Claimant failed to file her petition within two years after the date of the injury, which was October 2,1990. As a result, she takes nothing from these proceedings.
(Emphasis added.)
None of our eases, and none of those cited by the HEA or the industrial commissioner, have applied the rule of law announced in the commissioner’s ruling, ie., that exposure to a disease triggers a duty to inquire further. In all of the Iowa cases discussed in this opinion, the claimant knew he or she was injured, not merely exposed to injury, before the duty to inquire arose. In some cases the claimant did not know how serious the injury was or whether it was work-related, but in all of the cases the claimant knew he or she had suffered an injury before the statute of limitations began to run.

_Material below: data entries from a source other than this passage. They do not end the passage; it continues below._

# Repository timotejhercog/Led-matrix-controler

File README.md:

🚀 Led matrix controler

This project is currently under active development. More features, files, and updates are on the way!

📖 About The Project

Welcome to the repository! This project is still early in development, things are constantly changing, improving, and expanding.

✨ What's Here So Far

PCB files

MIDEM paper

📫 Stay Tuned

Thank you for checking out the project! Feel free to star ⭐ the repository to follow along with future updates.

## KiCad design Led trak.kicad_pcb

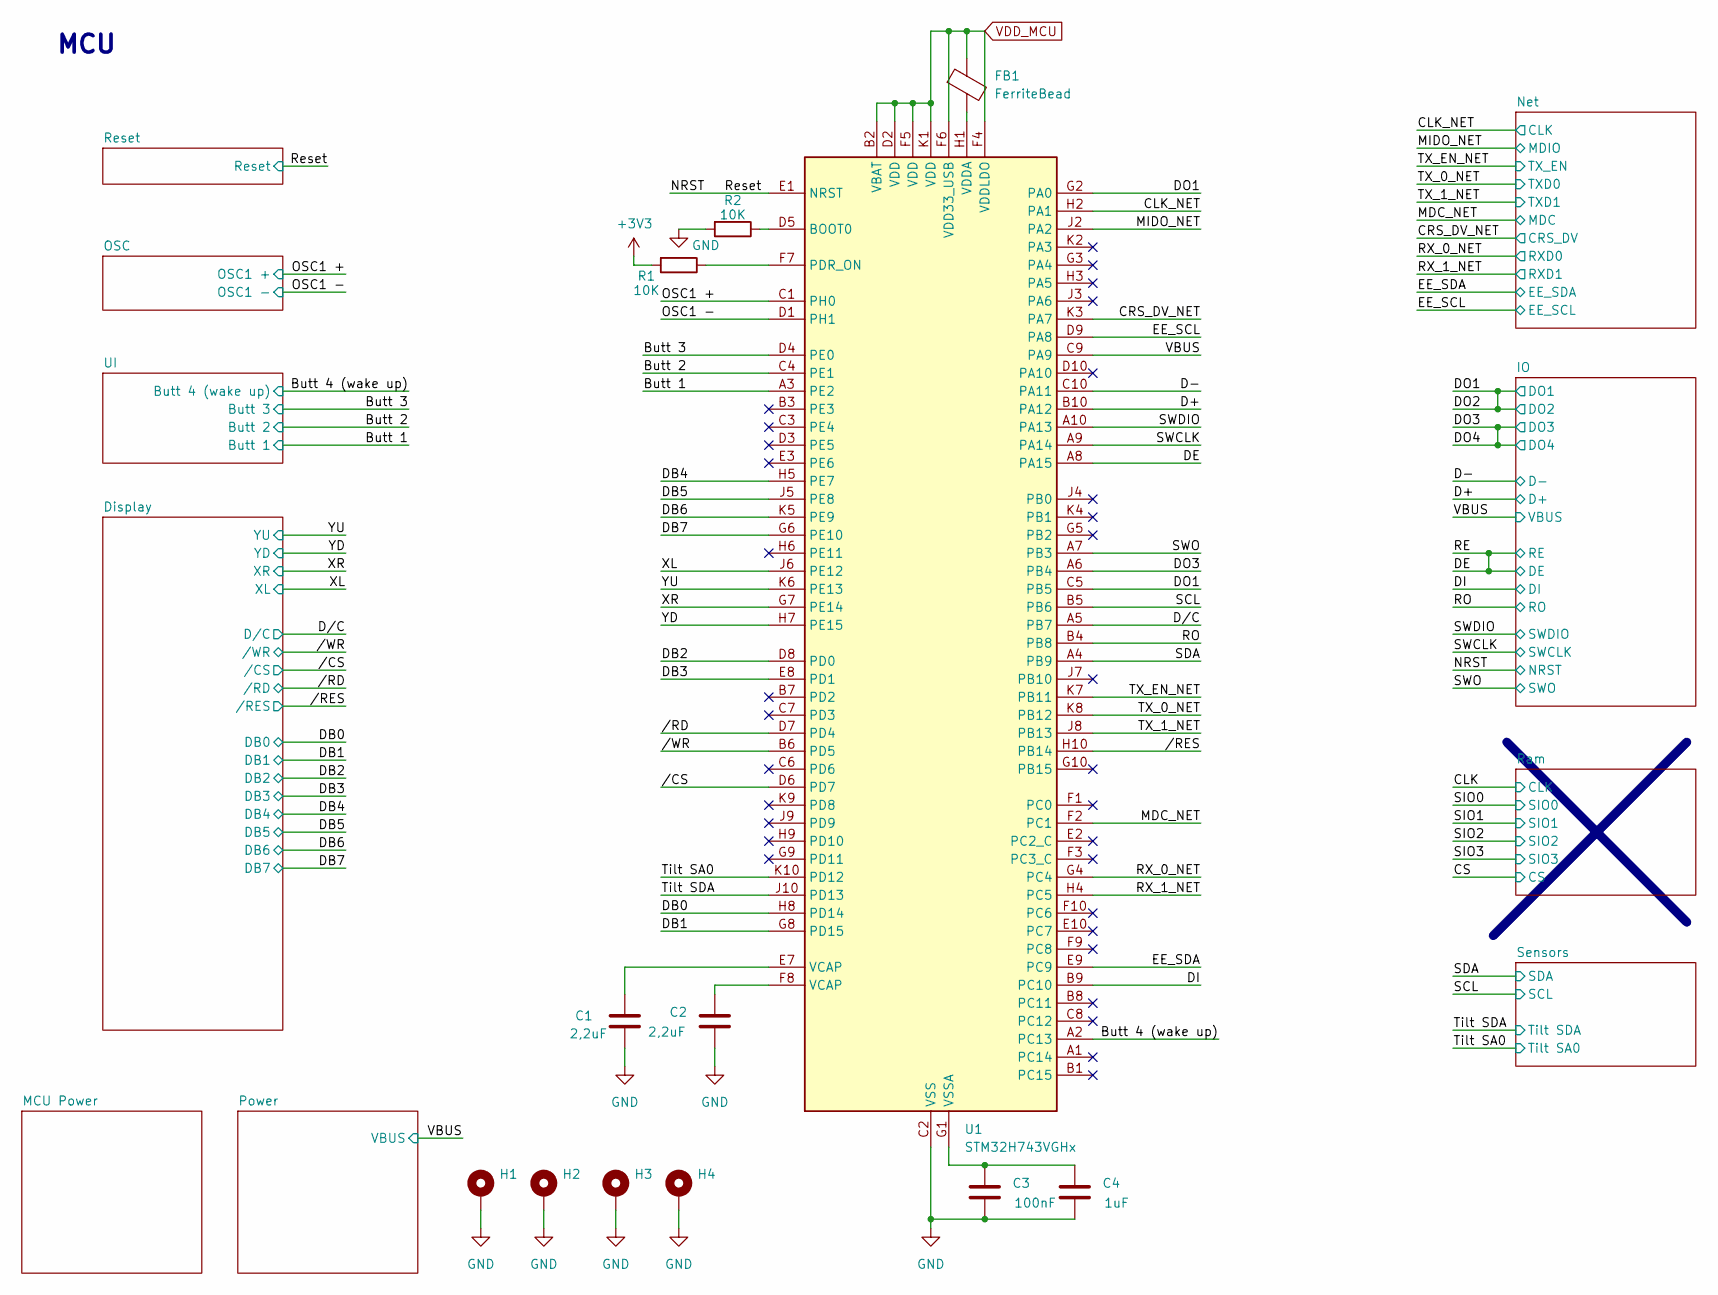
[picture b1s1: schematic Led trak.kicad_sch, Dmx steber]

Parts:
C1, C2: 2,2uF; C_0603_1608Metric
C3: 100nF; C_0603_1608Metric
C4: 1uF; C_0603_1608Metric
FB1: FerriteBead; C_0201_0603Metric
H1, H2, H3, H4: MountingHole_Pad_MP; MountingHole_3.2mm_M3_Pad_Via
R1, R2: 10K; C_0402_1005Metric
U1: STM32H743VGHx; TFBGA-100_8x8mm_Layout10x10_P0.8mm

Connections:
/Butt 1: U1.A3 (PE2); also elsewhere on the board
/Butt 2: U1.C4 (PE1); also elsewhere on the board
/Butt 3: U1.D4 (PE0); also elsewhere on the board
/Butt 4 (wake up): U1.A2 (PC13); also elsewhere on the board
/CLK_NET: U1.H2 (PA1); also elsewhere on the board
/CRS_DV_NET: U1.K3 (PA7); also elsewhere on the board
/D+: U1.B10 (PA12); also elsewhere on the board
/D-: U1.C10 (PA11); also elsewhere on the board
/DB0: U1.H8 (PD14); also elsewhere on the board
/DB1: U1.G8 (PD15); also elsewhere on the board
/DB2: U1.D8 (PD0); also elsewhere on the board
/DB3: U1.E8 (PD1); also elsewhere on the board
/DB4: U1.H5 (PE7); also elsewhere on the board
/DB5: U1.J5 (PE8); also elsewhere on the board
/DB6: U1.K5 (PE9); also elsewhere on the board
/DB7: U1.G6 (PE10); also elsewhere on the board
/DE: U1.A8 (PA15); also elsewhere on the board
/DI: U1.B9 (PC10); also elsewhere on the board
/DO1: U1.C5 (PB5), U1.G2 (PA0); also elsewhere on the board
/DO3: U1.A6 (PB4); also elsewhere on the board
/D/C: U1.A5 (PB7); also elsewhere on the board
/EE_SCL: U1.D9 (PA8); also elsewhere on the board
/EE_SDA: U1.E9 (PC9); also elsewhere on the board
/MDC_NET: U1.F2 (PC1); also elsewhere on the board
/MIDO_NET: U1.J2 (PA2); also elsewhere on the board
/NRST: U1.E1 (NRST); also elsewhere on the board
/OSC1 +: U1.C1 (PH0); also elsewhere on the board
/OSC1 -: U1.D1 (PH1); also elsewhere on the board
/RO: U1.B4 (PB8); also elsewhere on the board
/RX_0_NET: U1.G4 (PC4); also elsewhere on the board
/RX_1_NET: U1.H4 (PC5); also elsewhere on the board
/SCL: U1.B5 (PB6); also elsewhere on the board
/SDA: U1.A4 (PB9); also elsewhere on the board
/SWCLK: U1.A9 (PA14); also elsewhere on the board
/SWDIO: U1.A10 (PA13); also elsewhere on the board
/SWO: U1.A7 (PB3); also elsewhere on the board
/TX_0_NET: U1.K8 (PB12); also elsewhere on the board
/TX_1_NET: U1.J8 (PB13); also elsewhere on the board
/TX_EN_NET: U1.K7 (PB11); also elsewhere on the board
/Tilt SA0: U1.K10 (PD12); also elsewhere on the board
/Tilt SDA: U1.J10 (PD13); also elsewhere on the board
/VBUS: U1.C9 (PA9); also elsewhere on the board
/XL: U1.J6 (PE12); also elsewhere on the board
/XR: U1.G7 (PE14); also elsewhere on the board
/YD: U1.H7 (PE15); also elsewhere on the board
/YU: U1.K6 (PE13); also elsewhere on the board
//CS: U1.D6 (PD7); also elsewhere on the board
//RD: U1.D7 (PD4); also elsewhere on the board
//RES: U1.H10 (PB14); also elsewhere on the board
//WR: U1.B6 (PD5); also elsewhere on the board
GND: C1.2, C2.2, C3.2, C4.2, H1.MP, H2.MP, H3.MP, H4.MP, R2.2, U1.C2 (VSS), U1.E4 (VSS), U1.E5 (VSS), U1.E6 (VSS), U1.J1 (VSS); also elsewhere on the board
unnamed: C1.1, U1.E7 (VCAP)
unnamed: C2.1, U1.F8 (VCAP)
unnamed: R2.1, U1.D5 (BOOT0)
unnamed: R1.1, U1.F7 (PDR_ON)
unnamed: FB1.2, U1.H1 (VDDA)
unnamed: C3.1, C4.1, U1.G1 (VSSA)
VDD_MCU: FB1.1, R1.2, U1.B2 (VBAT), U1.D2 (VDD), U1.F4 (VDDLDO), U1.F5 (VDD), U1.F6 (VDD33_USB), U1.K1 (VDD); also elsewhere on the board

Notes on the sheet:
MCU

The Oklahoma Supreme Court, in another hepatitis C case, reached the same conclusion:
Mere exposure to an infectious disease, no matter how threatening, is not enough to constitute a compensable event — it is not “accidental injury.” An on-the-job exposure must pass through the incubation period and develop into an infectious disease before it may be viewed as an accidental injury compen-sable by the employer. An employer’s apprehension of an employee’s exposure to a disease, even when followed by the act of administering prophylactic vaccination, cannot be translated into compensation liability for an “accidental personal injury.”
Dyke,
If there is anything clear in this record with respect to the “condition” to which the commissioner referred, it is that as of the time Perkins is charged with inquiry notice she had not been injured. She had been exposed through a traumatic and frightening event, but she was not injured. If, as we have said, inquiry notice does not arise from “every minor ache, pain, or symptom,”
Swartzendruber,
We hold the date of injury was the date Perkins discovered she had hepatitis C, April 20, 1996, the date it was diagnosed. It did not commence from the date she was exposed to it. The industrial commissioner’s application of a contrary rule in this case is “affected by other error of law,” Iowa Code § 17A.19(8)(e), and must be reversed. We therefore affirm, although on different grounds, both the ruling of the court of appeals and the judgment of the district court.
DECISION OF COURT OF APPEALS AND JUDGMENT OF DISTRICT COURT AFFIRMED.